- **WORK TO BE COMPLETED**:
Emit a verbatim copy of the lines below from the line with "rho.Complexity = 'real'" through the line with "Acoustical Reference : acoustic_lib/Acoustical", excluding pictures and everything outside that range.

Segment Start: DATASET EXCERPTS

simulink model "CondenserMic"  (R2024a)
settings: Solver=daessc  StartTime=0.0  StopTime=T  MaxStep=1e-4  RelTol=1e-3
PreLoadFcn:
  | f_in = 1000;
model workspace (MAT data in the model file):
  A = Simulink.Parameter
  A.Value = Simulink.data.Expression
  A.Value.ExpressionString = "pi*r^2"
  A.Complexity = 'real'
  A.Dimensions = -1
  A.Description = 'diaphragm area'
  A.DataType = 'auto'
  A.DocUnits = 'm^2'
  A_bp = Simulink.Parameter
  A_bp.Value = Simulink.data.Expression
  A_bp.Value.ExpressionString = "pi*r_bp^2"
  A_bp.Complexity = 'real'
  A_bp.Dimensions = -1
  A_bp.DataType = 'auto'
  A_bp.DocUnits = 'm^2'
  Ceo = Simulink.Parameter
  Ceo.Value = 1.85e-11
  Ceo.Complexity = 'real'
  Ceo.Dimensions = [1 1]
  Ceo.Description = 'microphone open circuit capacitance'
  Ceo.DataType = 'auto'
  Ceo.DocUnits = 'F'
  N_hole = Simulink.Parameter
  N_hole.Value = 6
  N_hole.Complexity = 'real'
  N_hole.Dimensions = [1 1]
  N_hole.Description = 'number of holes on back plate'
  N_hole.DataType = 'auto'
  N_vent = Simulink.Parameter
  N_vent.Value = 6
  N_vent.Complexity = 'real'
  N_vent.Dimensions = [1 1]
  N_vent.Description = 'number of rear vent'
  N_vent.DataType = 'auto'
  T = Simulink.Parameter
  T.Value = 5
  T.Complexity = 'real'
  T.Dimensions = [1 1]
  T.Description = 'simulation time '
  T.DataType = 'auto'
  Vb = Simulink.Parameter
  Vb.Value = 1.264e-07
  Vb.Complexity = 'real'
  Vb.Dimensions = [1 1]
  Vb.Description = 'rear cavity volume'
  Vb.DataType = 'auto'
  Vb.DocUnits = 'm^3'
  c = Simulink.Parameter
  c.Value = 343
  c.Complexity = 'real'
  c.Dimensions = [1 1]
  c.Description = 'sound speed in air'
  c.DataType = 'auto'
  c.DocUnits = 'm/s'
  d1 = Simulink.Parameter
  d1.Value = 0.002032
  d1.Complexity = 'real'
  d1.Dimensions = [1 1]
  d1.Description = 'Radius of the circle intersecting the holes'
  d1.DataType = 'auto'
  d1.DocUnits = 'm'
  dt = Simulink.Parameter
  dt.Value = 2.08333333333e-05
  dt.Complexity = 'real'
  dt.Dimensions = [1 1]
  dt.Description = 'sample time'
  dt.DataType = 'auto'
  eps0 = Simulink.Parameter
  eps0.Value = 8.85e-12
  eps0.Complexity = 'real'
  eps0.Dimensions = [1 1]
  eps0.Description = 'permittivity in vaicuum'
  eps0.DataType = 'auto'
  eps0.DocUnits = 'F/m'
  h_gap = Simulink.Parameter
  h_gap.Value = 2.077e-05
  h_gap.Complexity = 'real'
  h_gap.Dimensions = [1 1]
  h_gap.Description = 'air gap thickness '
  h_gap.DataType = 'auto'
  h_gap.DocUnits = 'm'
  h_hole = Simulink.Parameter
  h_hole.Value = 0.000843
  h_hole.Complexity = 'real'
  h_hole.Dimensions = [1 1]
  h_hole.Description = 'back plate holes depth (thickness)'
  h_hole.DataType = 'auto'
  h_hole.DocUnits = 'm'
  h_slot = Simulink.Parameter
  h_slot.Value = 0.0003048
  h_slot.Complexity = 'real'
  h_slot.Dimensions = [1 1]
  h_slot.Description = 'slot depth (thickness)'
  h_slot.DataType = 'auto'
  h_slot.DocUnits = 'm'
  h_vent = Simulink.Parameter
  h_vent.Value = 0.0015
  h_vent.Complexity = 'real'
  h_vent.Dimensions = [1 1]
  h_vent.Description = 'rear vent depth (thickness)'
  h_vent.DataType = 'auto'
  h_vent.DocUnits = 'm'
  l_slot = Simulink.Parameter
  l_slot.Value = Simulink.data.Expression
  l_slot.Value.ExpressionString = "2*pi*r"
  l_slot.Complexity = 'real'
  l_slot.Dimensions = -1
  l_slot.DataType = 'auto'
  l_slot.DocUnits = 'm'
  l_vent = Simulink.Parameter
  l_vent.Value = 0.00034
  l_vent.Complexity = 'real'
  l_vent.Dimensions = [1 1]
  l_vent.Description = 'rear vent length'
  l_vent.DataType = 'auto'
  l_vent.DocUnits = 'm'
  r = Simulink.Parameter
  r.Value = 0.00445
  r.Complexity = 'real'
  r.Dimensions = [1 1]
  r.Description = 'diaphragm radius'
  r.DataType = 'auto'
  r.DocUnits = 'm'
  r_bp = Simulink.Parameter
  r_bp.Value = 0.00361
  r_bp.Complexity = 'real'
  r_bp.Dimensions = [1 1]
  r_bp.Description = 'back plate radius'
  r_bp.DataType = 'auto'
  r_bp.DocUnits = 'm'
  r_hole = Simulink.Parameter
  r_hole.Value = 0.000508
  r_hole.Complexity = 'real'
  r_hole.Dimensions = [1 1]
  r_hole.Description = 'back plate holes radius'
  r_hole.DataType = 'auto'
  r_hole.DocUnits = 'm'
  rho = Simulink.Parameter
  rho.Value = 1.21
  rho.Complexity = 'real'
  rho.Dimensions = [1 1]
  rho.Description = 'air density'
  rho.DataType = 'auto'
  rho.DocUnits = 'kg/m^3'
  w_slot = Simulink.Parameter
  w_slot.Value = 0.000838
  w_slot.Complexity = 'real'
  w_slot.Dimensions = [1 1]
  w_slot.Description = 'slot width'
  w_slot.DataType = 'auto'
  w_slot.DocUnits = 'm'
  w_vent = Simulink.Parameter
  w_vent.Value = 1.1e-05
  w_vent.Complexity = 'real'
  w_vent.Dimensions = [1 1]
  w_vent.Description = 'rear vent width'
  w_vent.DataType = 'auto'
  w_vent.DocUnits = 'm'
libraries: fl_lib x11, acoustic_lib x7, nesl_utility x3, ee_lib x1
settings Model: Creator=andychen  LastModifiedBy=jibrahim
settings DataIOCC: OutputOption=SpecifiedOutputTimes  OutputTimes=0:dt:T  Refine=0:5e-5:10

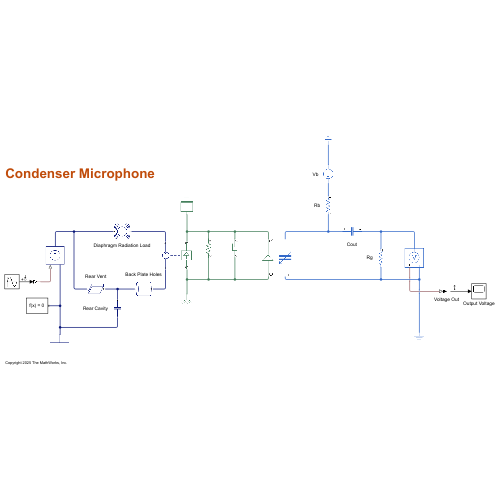
[thumbnail: Simulink's stored preview of the top-level diagram]
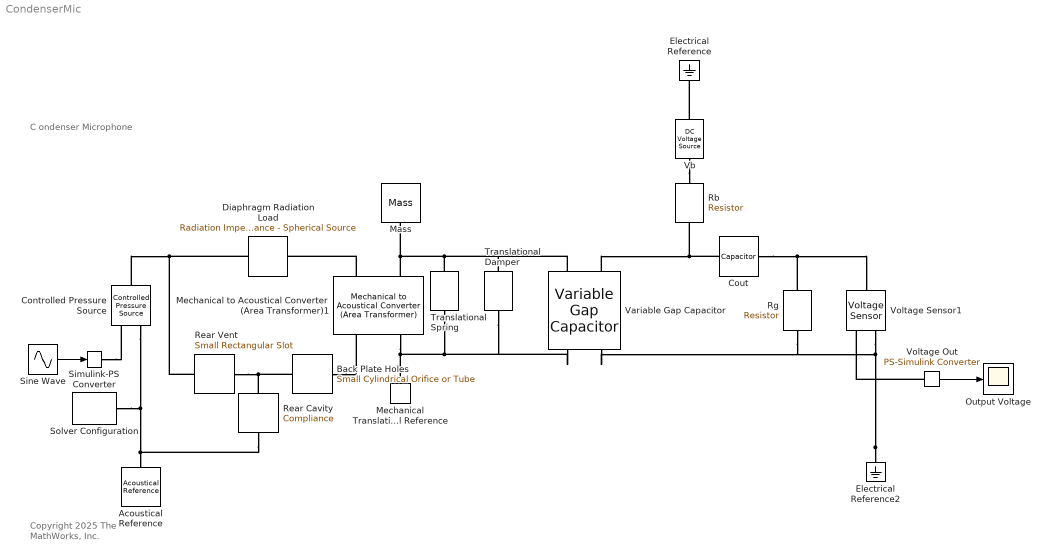
== system CondenserMic ==
  note: C ondenser Microphone
  note: Copyright 2025 The MathWorks, Inc.
  Acoustical Reference : acoustic_lib/Acoustical Elements/Acoustical Reference
      settings: SourceProductName=Acoustic  InternalSimscapePortConfiguration="{\"Bottom\":[],\"Left\":[{\"id\":\"pp\",\"label\":\"\",\"type\":\"acoustic.acoustic\"}],\"Right\":[],\"Top\":[]}"
  Back Plate Holes : acoustic_lib/Applications/Tubes and Horns/Small Cylindrical Orifice or Tube  l=h_hole m  r=r_hole m  N=N_hole
      settings: SourceProductName=Acoustic  InternalSimscapePortConfiguration="{\"Bottom\":[],\"Left\":[{\"id\":\"pa\",\"label\":\"+\",\"type\":\"acoustic.acoustic\"}],\"Right\":[{\"id\":\"na\",\"label\":\"-\",\"type\":\"acoustic.acoustic\"}],\"Top\":[]}"
  Controlled Pressure Source : acoustic_lib/Acoustical Sources/Controlled Pressure Source
      settings: SourceProductName=Acoustic  InternalSimscapePortConfiguration="{\"Bottom\":[],\"Left\":[{\"id\":\"pp\",\"label\":\"\",\"type\":\"acoustic.acoustic\"}],\"Right\":[{\"id\":\"pT\",\"label\":\"\",\"type\":\"input\"},{\"id\":\"nn\",\"label\":\"\",\"type\":\"acoustic.acoustic\"}],\"Top\":[]}"
  Cout : fl_lib/Electrical/Electrical Elements/Capacitor  c=1e-12 F  r=1e-6 Ohm  g=0 1/Ohm  i_specify=off  i_priority=None  i=0 A  i_nominal_specify=off  i_nominal_value=1  i_nominal_unit=A  v_specify=off  v_priority=None  v=0 V  v_nominal_specify=off  v_nominal_value=1  v_nominal_unit=V  vc_specify=off  vc_priority=High  vc=0 V  vc_nominal_specify=off  vc_nominal_value=1  vc_nominal_unit=V
  Diaphragm Radiation Load : acoustic_lib/Radiation Impedance/Radiation Impedance - Spherical Source  r=r m
      settings: SourceProductName=Acoustic  InternalSimscapePortConfiguration="{\"Bottom\":[],\"Left\":[{\"id\":\"pa\",\"label\":\"+\",\"type\":\"acoustic.acoustic\"}],\"Right\":[{\"id\":\"na\",\"label\":\"-\",\"type\":\"acoustic.acoustic\"}],\"Top\":[]}"
  Electrical Reference : fl_lib/Electrical/Electrical Elements/Electrical Reference
  Electrical Reference2 : fl_lib/Electrical/Electrical Elements/Electrical Reference
  Mass : fl_lib/Mechanical/Translational Elements/Mass  mass=9.22e-7 kg  num_ports=foundation.enum.numPorts2.one  v_specify=off  v_priority=High  v=0 m/s  v_nominal_specify=off  v_nominal_value=1  v_nominal_unit=m/s  f_specify=off  f_priority=None  f=0 N  f_nominal_specify=off  f_nominal_value=1  f_nominal_unit=N
  Mechanical Translational Reference : fl_lib/Mechanical/Translational Elements/Mechanical Translational Reference
  Mechanical to Acoustical Converter (Area Transformer)1 : acoustic_lib/Transformers/Mechanical to Acoustical Converter (Area Transformer)  Sd=A m^2  u_specify=off  u_priority=None  u=0 m^3/s  u_nominal_specify=off  u_nominal_value=1  u_nominal_unit=m^3/s  p_specify=off  p_priority=None  p=0 Pa  p_nominal_specify=off  p_nominal_value=1  p_nominal_unit=Pa  f_specify=off  f_priority=None  f=0 N  f_nominal_specify=off  f_nominal_value=1  f_nominal_unit=N  v_specify=off  v_priority=None  v=0 m/s  v_nominal_specify=off  v_nominal_value=1  v_nominal_unit=m/s
      settings: SourceProductName=Acoustic  InternalSimscapePortConfiguration="{\"Bottom\":[],\"Left\":[{\"id\":\"pp\",\"label\":\"+\",\"type\":\"acoustic.acoustic\"},{\"id\":\"R\",\"label\":\"R\",\"type\":\"foundation.mechanical.translational.translational\"}],\"Right\":[{\"id\":\"nn\",\"label\":\"-\",\"type\":\"acoustic.acoustic\"},{\"id\":\"C\",\"label\":\"C\",\"type\":\"foundation.mechanical.translational.translational\"}],\"Top\":[]}"
  Output Voltage : Scope
  Rb : fl_lib/Electrical/Electrical Elements/Resistor  R=1e10 Ohm  i_specify=off  i_priority=None  i=0 A  i_nominal_specify=off  i_nominal_value=1  i_nominal_unit=A  v_specify=off  v_priority=None  v=0 V  v_nominal_specify=off  v_nominal_value=1  v_nominal_unit=V
  Rear Cavity : acoustic_lib/Acoustical Elements/Compliance  c=Vb/(rho*c^2) m^3/Pa  r_c=0 Pa*s/m^3  g_c=0 m^3/(Pa*s)  u_specify=off  u_priority=None  u=0 m^3/s  u_nominal_specify=off  u_nominal_value=1  u_nominal_unit=m^3/s  p_specify=off  p_priority=None  p=0 Pa  p_nominal_specify=off  p_nominal_value=1  p_nominal_unit=Pa  Pc_specify=off  Pc_priority=High  Pc=0 Pa  Pc_nominal_specify=off  Pc_nominal_value=1  Pc_nominal_unit=Pa
      settings: SourceProductName=Acoustic  InternalSimscapePortConfiguration="{\"Bottom\":[],\"Left\":[{\"id\":\"pp\",\"label\":\"+\",\"type\":\"acoustic.acoustic\"}],\"Right\":[{\"id\":\"nn\",\"label\":\"-\",\"type\":\"acoustic.acoustic\"}],\"Top\":[]}"
  Rear Vent : acoustic_lib/Applications/Tubes and Horns/Small Rectangular Slot  l=h_vent m  w=l_vent m  h=w_vent m  N=N_vent
      settings: SourceProductName=Acoustic  InternalSimscapePortConfiguration="{\"Bottom\":[],\"Left\":[{\"id\":\"pa\",\"label\":\"+\",\"type\":\"acoustic.acoustic\"}],\"Right\":[{\"id\":\"na\",\"label\":\"-\",\"type\":\"acoustic.acoustic\"}],\"Top\":[]}"
  Rg : fl_lib/Electrical/Electrical Elements/Resistor  R=1e11 Ohm  i_specify=off  i_priority=None  i=0 A  i_nominal_specify=off  i_nominal_value=1  i_nominal_unit=A  v_specify=off  v_priority=None  v=0 V  v_nominal_specify=off  v_nominal_value=1  v_nominal_unit=V
  Simulink-PS Converter : nesl_utility/Simulink-PS Converter  PhysicalDomain=network_engine_domain  SubClassName=ps_input  LeftPortType=input  RightPortType=output  PseudoPeriodic=off  Frequencies=[]  NoiseDistribution=none  NoiseParameters=[]  Unit=1  AffineConversion=off  FilteringAndDerivatives=provide  SimscapeFilterOrder=1  InputFilterTimeConstant=0.001  UdotUserProvided=0
  Sine Wave : Sin  Frequency=2*pi*f_in  SampleTime=0
  Solver Configuration : nesl_utility/Solver Configuration  PhysicalDomain=network_engine_domain  SubClassName=solver  LeftPortType=input  RightPortType=generic  Tones=[]  Harmonics=[]  SimulateNoise=off  Profile=off  UseLocalSampling=off  EnableSwitchedLinearOptims=on  FrequencyDomain=off  UseCCode=off  RelTol=0.001  AbsTol=0.001  MinStep=1e-09  ToWorkspace=off  RevertToSquareIcSolve=off  NumHomotopyIterations=100  PhasorMode=off  PhasorModeNumHarmonics=1  ConsistencySolver=NEWTON_XTOL_AFTER_FTOL  IndexReductionMethod=DerivativeReplacement  DoDC=off  ResidualTolerance=1e-09  ConsistencyTolSource=GLOBAL  ConsistencyAbsTol=0.001  ConsistencyRelTol=0.001  ConsistencyTolFactor=0.001  UseLocalSolver=off  LocalSolverChoice=NE_BACKWARD_EULER_ADVANCER  ResolveIndetEquations=on  FunctionEvalNumThread=1  LocalSolverSampleTime=0.001  DoFixedCost=off  MaxNonlinIter=3  MaxModeIter=2  ComputeImpulses=off  ImpulseIterations=2  LinearAlgebra=auto  LinearAlgebraNumThread=0  EquationFormulation=NE_TIME_EF  DelaysMemoryBudget=1024  AutomaticFiltering=on  FilteringTimeConstant=0.001  PartitionStorageMethod=AS_NEEDED  PartitionMemoryBudget=1024  PartitionMethod=ROBUST  MultibodyUseLocalSolver=off  MultibodyLocalSolverChoice=ODE1  MultibodyLocalSolverSampleTime=0.001
  Translational Damper : fl_lib/Mechanical/Translational Elements/Translational Damper  D=0.4 N*s/m  v_specify=off  v_priority=None  v=0 m/s  v_nominal_specify=off  v_nominal_value=1  v_nominal_unit=m/s  f_specify=off  f_priority=None  f=0 N  f_nominal_specify=off  f_nominal_value=1  f_nominal_unit=N
  Translational Spring : fl_lib/Mechanical/Translational Elements/Translational Spring  spr_rate=4.4e4 N/m  v_specify=off  v_priority=None  v=0 m/s  v_nominal_specify=off  v_nominal_value=1  v_nominal_unit=m/s  f_specify=off  f_priority=None  f=0 N  f_nominal_specify=off  f_nominal_value=1  f_nominal_unit=N  x_specify=off  x_priority=High  x=0 m  x_nominal_specify=off  x_nominal_value=1  x_nominal_unit=m
  Variable Gap Capacitor : ee_lib/Passive/Variable Gap Capacitor  A=A_bp m^2  d=h_gap m  ModelElasticDielectric=false  epsr=1.0  E=0 Pa  v_specify=off  v_priority=None  v=0 V  v_nominal_specify=off  v_nominal_value=1  v_nominal_unit=V  i_specify=off  i_priority=None  i=0 A  i_nominal_specify=off  i_nominal_value=1  i_nominal_unit=A  Q_specify=off  Q_priority=High  Q=0 C  Q_nominal_specify=off  Q_nominal_value=1  Q_nominal_unit=C  u_specify=off  u_priority=None  u=0 m/s  u_nominal_specify=off  u_nominal_value=1  u_nominal_unit=m/s  f_specify=off  f_priority=None  f=0 N  f_nominal_specify=off  f_nominal_value=1  f_nominal_unit=N  x_specify=off  x_priority=High  x=0 m  x_nominal_specify=off  x_nominal_value=1  x_nominal_unit=m
      settings: InternalSimscapePortConfiguration="{\"Bottom\":[],\"Left\":[{\"id\":\"p\",\"label\":\"+\",\"type\":\"foundation.electrical.electrical\"},{\"id\":\"R\",\"label\":\"R\",\"type\":\"foundation.mechanical.translational.translational\"}],\"Right\":[{\"id\":\"n\",\"label\":\"-\",\"type\":\"foundation.electrical.electrical\"},{\"id\":\"C\",\"label\":\"C\",\"type\":\"foundation.mechanical.translational.translational\"}],\"Top\":[]}"
  Vb : fl_lib/Electrical/Electrical Sources/DC Voltage Source  v0=200 V
  Voltage Out : nesl_utility/PS-Simulink Converter  PhysicalDomain=network_engine_domain  SubClassName=ps_output  LeftPortType=input  RightPortType=output  PseudoPeriodic=off  Frequencies=[]  VectorFormat=inherit  Unit=inherit  AffineConversion=off
  Voltage Sensor1 : fl_lib/Electrical/Electrical Sensors/Voltage Sensor
  wires:
  Voltage Out/1 -> Output Voltage/1
  Sine Wave/1 -> Simulink-PS Converter/1
  connections:
  Variable Gap Capacitor/LConn2 -- Translational Damper/LConn1 -- Translational Spring/LConn1 -- Mechanical to Acoustical Converter (Area Transformer)1/LConn2 -- Mass/LConn1
  Mechanical Translational Reference/LConn1 -- Mechanical to Acoustical Converter (Area Transformer)1/RConn2 -- Variable Gap Capacitor/RConn2 -- Translational Damper/RConn1 -- Translational Spring/RConn1
  Vb/RConn1 -- Electrical Reference/LConn1
  Vb/LConn1 -- Rb/LConn1
  Voltage Out/LConn1 -- Voltage Sensor1/RConn1
  Simulink-PS Converter/RConn1 -- Controlled Pressure Source/RConn1
  Rg/LConn1 -- Cout/RConn1 -- Voltage Sensor1/LConn1
  Rear Cavity/LConn1 -- Rear Vent/LConn1 -- Back Plate Holes/RConn1
  Diaphragm Radiation Load/LConn1 -- Controlled Pressure Source/LConn1 -- Rear Vent/RConn1
  Cout/LConn1 -- Variable Gap Capacitor/LConn1 -- Rb/RConn1
  Solver Configuration/RConn1 -- Rear Cavity/RConn1 -- Acoustical Reference/LConn1 -- Controlled Pressure Source/RConn2
  Back Plate Holes/LConn1 -- Mechanical to Acoustical Converter (Area Transformer)1/RConn1
  Electrical Reference2/LConn1 -- Variable Gap Capacitor/RConn1 -- Rg/RConn1 -- Voltage Sensor1/RConn2
  Mechanical to Acoustical Converter (Area Transformer)1/LConn1 -- Diaphragm Radiation Load/RConn1

Segment End: DATASET EXCERPTS

- **EXERCISE ANSWER**:
  rho.Complexity = 'real'
  rho.Dimensions = [1 1]
  rho.Description = 'air density'
  rho.DataType = 'auto'
  rho.DocUnits = 'kg/m^3'
  w_slot = Simulink.Parameter
  w_slot.Value = 0.000838
  w_slot.Complexity = 'real'
  w_slot.Dimensions = [1 1]
  w_slot.Description = 'slot width'
  w_slot.DataType = 'auto'
  w_slot.DocUnits = 'm'
  w_vent = Simulink.Parameter
  w_vent.Value = 1.1e-05
  w_vent.Complexity = 'real'
  w_vent.Dimensions = [1 1]
  w_vent.Description = 'rear vent width'
  w_vent.DataType = 'auto'
  w_vent.DocUnits = 'm'
libraries: fl_lib x11, acoustic_lib x7, nesl_utility x3, ee_lib x1
settings Model: Creator=andychen  LastModifiedBy=jibrahim
settings DataIOCC: OutputOption=SpecifiedOutputTimes  OutputTimes=0:dt:T  Refine=0:5e-5:10

[thumbnail: Simulink's stored preview of the top-level diagram]
== system CondenserMic ==
  note: C ondenser Microphone
  note: Copyright 2025 The MathWorks, Inc.
  Acoustical Reference : acoustic_lib/Acoustical Elements/Acoustical Reference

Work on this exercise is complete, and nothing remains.